En 2000, le ministre des Affaires étrangères de l’époque, Lloyd Axworthy, avait dirigé une mission multilatérale au Pérou qui a renversé l’homme fort Alberto Fujimori, rappelle l’ancien ambassadeur du Canada au Venezuela, Ben Rowswell.

« La tradition ici veut que le Canada adhère aux principes des droits de la personne et de la démocratie et qu’il prenne des mesures pragmatiques sur le terrain pour débloquer les situations politiques », a fait valoir M. Rowswell.

Le Groupe de Lima est né après le départ de M. Rowswell en 2017, et le Canada a alors commencé à œuvrer au sein de cette coalition, qui n’inclut pas les États-Unis.

Un travail d’unification

La victoire de Nicolas Maduro aux élections du 20 mai 2018 a galvanisé les efforts du Groupe, qui a continué de concentrer leurs efforts sur l’unification d’une opposition fracturée.

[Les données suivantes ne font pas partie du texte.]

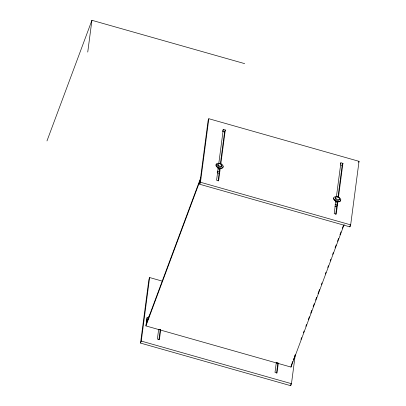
<?xml version="1.0" encoding="UTF-8"?>
<svg xmlns="http://www.w3.org/2000/svg" width="406" height="406" viewBox="0 0 406 406"><rect width="100%" height="100%" fill="white"/><g stroke="black" fill="none" stroke-linecap="round" stroke-linejoin="round"><path stroke-width="0.61" d="M87.747 52.064L91.929 20.3L244.676 63.635M295.238 355.037L291.467 383.69L290.716 385.7L140.517 343.085L148.88 279.551L149.631 277.542L162.4 281.165M140.517 343.085L141.263 341.076L149.631 277.542M344.151 224.523L291.011 367.085L145.901 325.916L147.099 317.573L148.926 318.091M147.099 317.573L146.302 323.607L149.525 314.965L149.484 315.279M158.614 329.647L157.376 339.056L159.411 339.634L160.735 329.596M158.913 339.761L160.233 329.723M199.716 184.263L208.08 120.729L208.831 118.719L359.031 161.329L350.667 224.863L349.916 226.873L199.716 184.263L200.468 182.253L208.831 118.719M218.23 167.683L216.576 180.234L218.616 180.807L220.265 168.262M218.809 163.288L223.27 129.402L225.305 129.981L220.762 164.496M218.113 180.939L219.763 168.388A1.066 0.629 20.4 0 1 218.93 168.764A1.066 0.629 20.4 0 1 217.824 168.145M220.341 163.994L224.554 131.991L225.305 129.981M276.232 363.015L274.994 372.424L277.029 373.002L278.349 362.964M276.527 373.129L277.846 363.096M291.011 367.085L291.153 366.024M290.716 385.7L290.965 383.832M294.594 356.448L294.634 356.133M335.843 201.051L334.194 213.602L336.229 214.175L337.878 201.63M336.422 196.656L340.883 162.77L342.923 163.349L338.457 197.24M335.726 214.307L337.381 201.762M337.959 197.367L342.172 165.359L342.923 163.349L342.167 165.374L340.644 164.927M349.916 226.873L350.084 225.629M46.969 140.928L91.929 20.3M146.109 324.328L200.797 177.61M145.901 325.916L200.813 178.604M222.706 130.915L223.27 129.402M340.507 163.78L340.883 162.77M358.655 162.334L359.031 161.329M291.224 365.496L292.772 361.34M293.33 359.843L293.959 358.143M294.543 356.585L295.208 354.803M300.963 339.36L301.628 337.579M303.399 332.824L304.064 331.042M305.835 326.292L306.5 324.511M308.271 319.755L309.377 316.787M310.707 313.224L311.813 310.255M313.143 306.692L314.249 303.718M315.574 300.156L316.685 297.187M318.01 293.624L319.563 289.463M321.334 284.713L321.999 282.931M325.318 274.02L325.982 272.238M327.754 267.488L328.418 265.707M330.19 260.951L330.854 259.17M332.626 254.42L333.29 252.639M335.062 247.883L336.168 244.914M337.493 241.352L338.604 238.383M339.929 234.815L341.04 231.846M342.365 228.284L343.471 225.315M222.518 131.417L224.554 131.991M217.367 171.144L219.194 171.662M335.041 204.528L337.477 205.223M217.159 172.733L219.595 173.423M334.828 206.116L336.66 206.639M200.468 182.253L350.667 224.863M141.263 341.076L291.467 383.69M337.219 201.96A1.066 0.629 20.4 0 1 337.056 202.411M219.377 168.236A1.066 0.629 20.4 0 1 219.26 169.135M218.514 169.114A1.066 0.629 20.4 0 1 218.255 169.018M337.371 201.559A1.066 0.629 20.4 0 1 336.802 202.142A1.066 0.629 20.4 0 1 335.584 201.691M219.453 168.992A1.066 0.629 20.4 0 1 219.468 169.17M223.016 166.465A3.725 2.208 20.4 0 1 218.743 168.14A3.725 2.208 20.4 0 1 216.555 164.08M221.493 165.526A2.131 1.259 20.4 0 1 219.747 166.998A2.131 1.259 20.4 0 1 217.723 164.775M217.966 164.526A2.131 1.259 20.4 0 1 218.326 164.354M340.634 199.833A3.725 2.208 20.4 0 1 336.823 201.655A3.725 2.208 20.4 0 1 333.747 197.879M339.274 199.26A2.131 1.259 20.4 0 1 336.574 200.107A2.131 1.259 20.4 0 1 335.94 197.722M277.653 363.081A3.725 2.208 20.4 0 1 276.719 362.893M277.587 362.862A2.131 1.259 20.4 0 1 276.547 362.746M160.04 329.713A3.725 2.208 20.4 0 1 159.106 329.525M159.974 329.494A2.131 1.259 20.4 0 1 159.462 329.484M216.921 166.521A3.725 2.208 20.4 0 0 223.016 167.216A3.725 2.208 20.4 0 0 219.007 163.253A3.725 2.208 20.4 0 0 216.921 166.521M218.387 165.349A2.131 1.259 20.4 0 0 221.874 165.744A2.131 1.259 20.4 0 0 219.58 163.481A2.131 1.259 20.4 0 0 218.387 165.349M334.539 199.889A3.725 2.208 20.4 0 0 340.629 200.584A3.725 2.208 20.4 0 0 336.625 196.621A3.725 2.208 20.4 0 0 334.539 199.889M336.006 198.717A2.131 1.259 20.4 0 0 339.487 199.113A2.131 1.259 20.4 0 0 337.198 196.849A2.131 1.259 20.4 0 0 336.006 198.717"/></g></svg>

Les principaux opposants susceptibles de diriger une éventuelle coalition, Léopold Lopez et Julio Borges, présentaient certains problèmes. M. Lopez est maintenu en résidence surveillée depuis 2014, tandis que M. Borges vit en exil.

C’est ce dernier qui aurait suggéré Juan Guaidó, selon une source.

À la mi-décembre, M. Guaidó a effectué un voyage clandestin à Washington pour informer les autorités américaines de sa stratégie. Il a traversé la frontière avec la Colombie en secret, afin que les agents d’immigration vénézuéliens ne sachent pas qu’il avait quitté le pays et tentent possiblement d’empêcher son retour.

Au fil des discussions entre les factions de l’opposition vénézuélienne, celles-ci ont commencé à mettre de côté leurs divergences, rapporte une source. Bien que tout le mérite revienne aux groupes de l’opposition, indique une source, les diplomates canadiens ont pu les aider en « facilitant les conversations avec des gens qui étaient à l’extérieur et à l’intérieur du pays » avec d’autres diplomates.

Deux présidents

M. Maduro a finalement été assermenté avec le soutien de pays tels que Cuba, la Russie et la Chine.

Après que M. Guaidó se soit déclaré président par intérim, mercredi, des Vénézuéliens sont descendus dans la rue à travers le pays. En conférence de presse vendredi, Nicolas Maduro s’est dit ouvert à discuter avec l’opposition, mais a qualifié la déclaration de son adversaire d’« un acte désespéré » soutenu par le gouvernement américain.

Des responsables canadiens ont précisé que, bien que des dirigeants américains tels que le président Donald Trump, le vice-président Mike Pence et le secrétaire d’État Mike Pompeo eurent également dénoncé le régime de Maduro, il n’y a pas eu de coordination directe entre le Groupe de Lima et Washington.

En ce qui concerne les rassemblements de cette semaine, les Vénézuéliens en sont entièrement responsables.

« Ça a été complètement fait par l’opposition et leurs gens sur le terrain au Venezuela, a déclaré un représentant gouvernemental. Nous n’aurions pas pu les aider à parvenir à ce point [...] s’ils n’en avaient pas la volonté et n’étaient pas prêts à prendre le risque. »

Le cabinet du premier ministre rapporte que Justin Trudeau s’est entretenu samedi avec le président colombien, Ivan Duque Marquez. Les deux dirigeants ont réaffirmé leur soutien à M. Guaidó et se sont engagés à continuer de « promouvoir la démocratie, l’État de droit et les droits de la personne au Venezuela », notamment à travers leur travail au sein du Groupe de Lima, selon le cabinet.